*** Begin section ***

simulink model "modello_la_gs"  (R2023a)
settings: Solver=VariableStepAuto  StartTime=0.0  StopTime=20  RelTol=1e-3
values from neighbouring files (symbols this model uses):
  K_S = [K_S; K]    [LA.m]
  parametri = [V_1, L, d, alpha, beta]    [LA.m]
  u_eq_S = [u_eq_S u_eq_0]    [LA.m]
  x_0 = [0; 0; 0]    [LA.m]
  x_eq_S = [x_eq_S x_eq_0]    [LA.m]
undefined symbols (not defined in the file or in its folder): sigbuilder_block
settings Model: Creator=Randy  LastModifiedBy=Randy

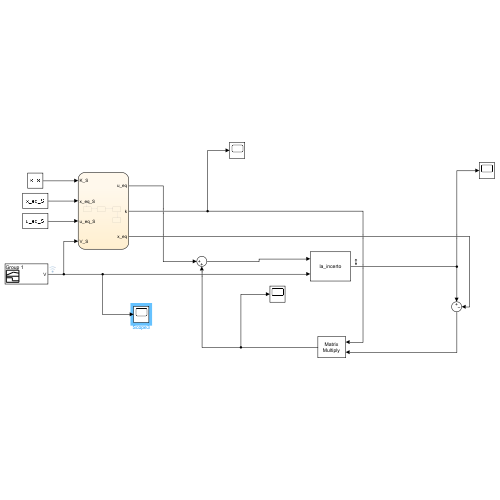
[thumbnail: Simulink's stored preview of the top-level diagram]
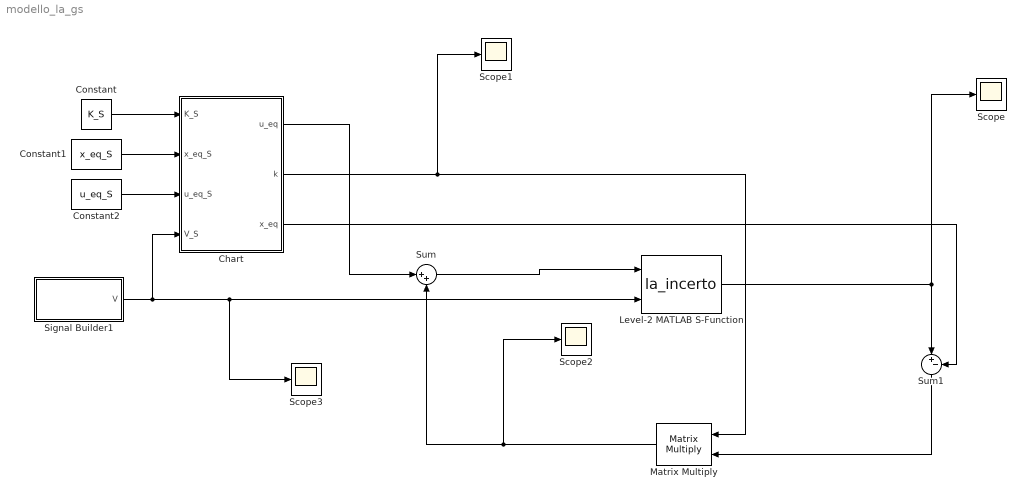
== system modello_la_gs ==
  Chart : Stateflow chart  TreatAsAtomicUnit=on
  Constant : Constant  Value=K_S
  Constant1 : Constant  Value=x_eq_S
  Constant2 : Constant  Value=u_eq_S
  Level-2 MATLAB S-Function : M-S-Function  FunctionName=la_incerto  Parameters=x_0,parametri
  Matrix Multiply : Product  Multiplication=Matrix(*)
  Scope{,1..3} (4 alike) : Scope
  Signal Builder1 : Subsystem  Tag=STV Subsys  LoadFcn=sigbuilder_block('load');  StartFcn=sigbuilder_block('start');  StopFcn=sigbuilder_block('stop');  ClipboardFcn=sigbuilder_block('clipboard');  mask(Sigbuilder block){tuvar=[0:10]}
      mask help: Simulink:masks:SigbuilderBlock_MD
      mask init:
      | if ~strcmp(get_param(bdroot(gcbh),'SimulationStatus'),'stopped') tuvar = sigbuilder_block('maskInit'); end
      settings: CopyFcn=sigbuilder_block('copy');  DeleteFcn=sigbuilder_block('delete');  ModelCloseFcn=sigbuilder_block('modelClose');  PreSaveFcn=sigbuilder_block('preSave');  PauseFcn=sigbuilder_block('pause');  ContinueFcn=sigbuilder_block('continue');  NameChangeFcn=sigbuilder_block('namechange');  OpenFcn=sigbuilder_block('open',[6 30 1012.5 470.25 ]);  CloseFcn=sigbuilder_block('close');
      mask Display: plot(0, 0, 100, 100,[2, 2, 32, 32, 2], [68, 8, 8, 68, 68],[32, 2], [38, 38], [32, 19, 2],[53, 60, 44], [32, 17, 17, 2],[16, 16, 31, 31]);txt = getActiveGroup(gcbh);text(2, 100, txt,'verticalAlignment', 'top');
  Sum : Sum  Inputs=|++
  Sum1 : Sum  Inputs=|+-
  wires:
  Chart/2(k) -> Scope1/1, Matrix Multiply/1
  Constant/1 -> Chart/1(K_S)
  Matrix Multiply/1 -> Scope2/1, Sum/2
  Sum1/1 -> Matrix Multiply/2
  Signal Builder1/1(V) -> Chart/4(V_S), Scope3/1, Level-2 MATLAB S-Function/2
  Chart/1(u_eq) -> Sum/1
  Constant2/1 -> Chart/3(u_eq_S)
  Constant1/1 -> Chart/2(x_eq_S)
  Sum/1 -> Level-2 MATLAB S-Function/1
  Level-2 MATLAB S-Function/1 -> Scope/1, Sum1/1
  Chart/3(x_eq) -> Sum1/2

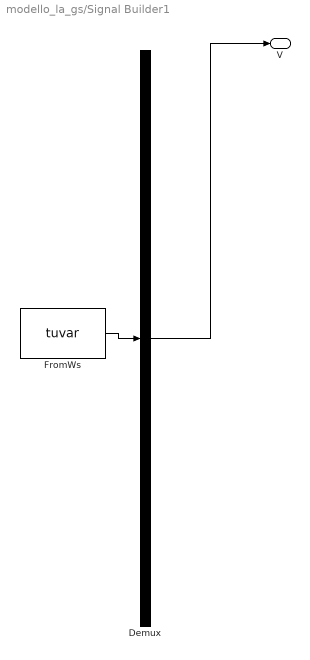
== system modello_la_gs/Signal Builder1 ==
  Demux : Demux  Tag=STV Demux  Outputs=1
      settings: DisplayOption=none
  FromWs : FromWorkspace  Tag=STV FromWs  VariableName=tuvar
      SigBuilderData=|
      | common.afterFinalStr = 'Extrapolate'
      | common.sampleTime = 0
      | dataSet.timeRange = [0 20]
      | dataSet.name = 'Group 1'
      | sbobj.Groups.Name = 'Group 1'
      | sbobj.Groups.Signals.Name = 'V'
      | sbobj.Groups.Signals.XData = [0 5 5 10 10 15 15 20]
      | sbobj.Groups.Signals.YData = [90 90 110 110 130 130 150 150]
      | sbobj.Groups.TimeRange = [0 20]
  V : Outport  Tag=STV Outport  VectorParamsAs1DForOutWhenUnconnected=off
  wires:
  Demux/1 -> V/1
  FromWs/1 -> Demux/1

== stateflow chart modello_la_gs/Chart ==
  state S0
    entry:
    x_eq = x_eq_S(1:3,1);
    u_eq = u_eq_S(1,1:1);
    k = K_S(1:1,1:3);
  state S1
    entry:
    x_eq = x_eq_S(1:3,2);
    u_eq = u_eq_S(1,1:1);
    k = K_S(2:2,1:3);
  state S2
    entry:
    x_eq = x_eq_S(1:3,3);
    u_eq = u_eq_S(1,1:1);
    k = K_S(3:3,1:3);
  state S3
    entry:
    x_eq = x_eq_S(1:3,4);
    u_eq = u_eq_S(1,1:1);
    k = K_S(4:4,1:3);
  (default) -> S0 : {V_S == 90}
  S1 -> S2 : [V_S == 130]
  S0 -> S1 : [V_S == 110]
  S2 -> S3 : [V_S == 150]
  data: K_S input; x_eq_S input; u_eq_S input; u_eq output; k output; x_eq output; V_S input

*** End section ***

# AIM OF THE TASK
Go through the records and gather the lines that hold "MATLAB".

# RESULT FOR THIS EXERCISE
  Level-2 MATLAB S-Function : M-S-Function  FunctionName=la_incerto  Parameters=x_0,parametri
  Signal Builder1/1(V) -> Chart/4(V_S), Scope3/1, Level-2 MATLAB S-Function/2
  Sum/1 -> Level-2 MATLAB S-Function/1
  Level-2 MATLAB S-Function/1 -> Scope/1, Sum1/1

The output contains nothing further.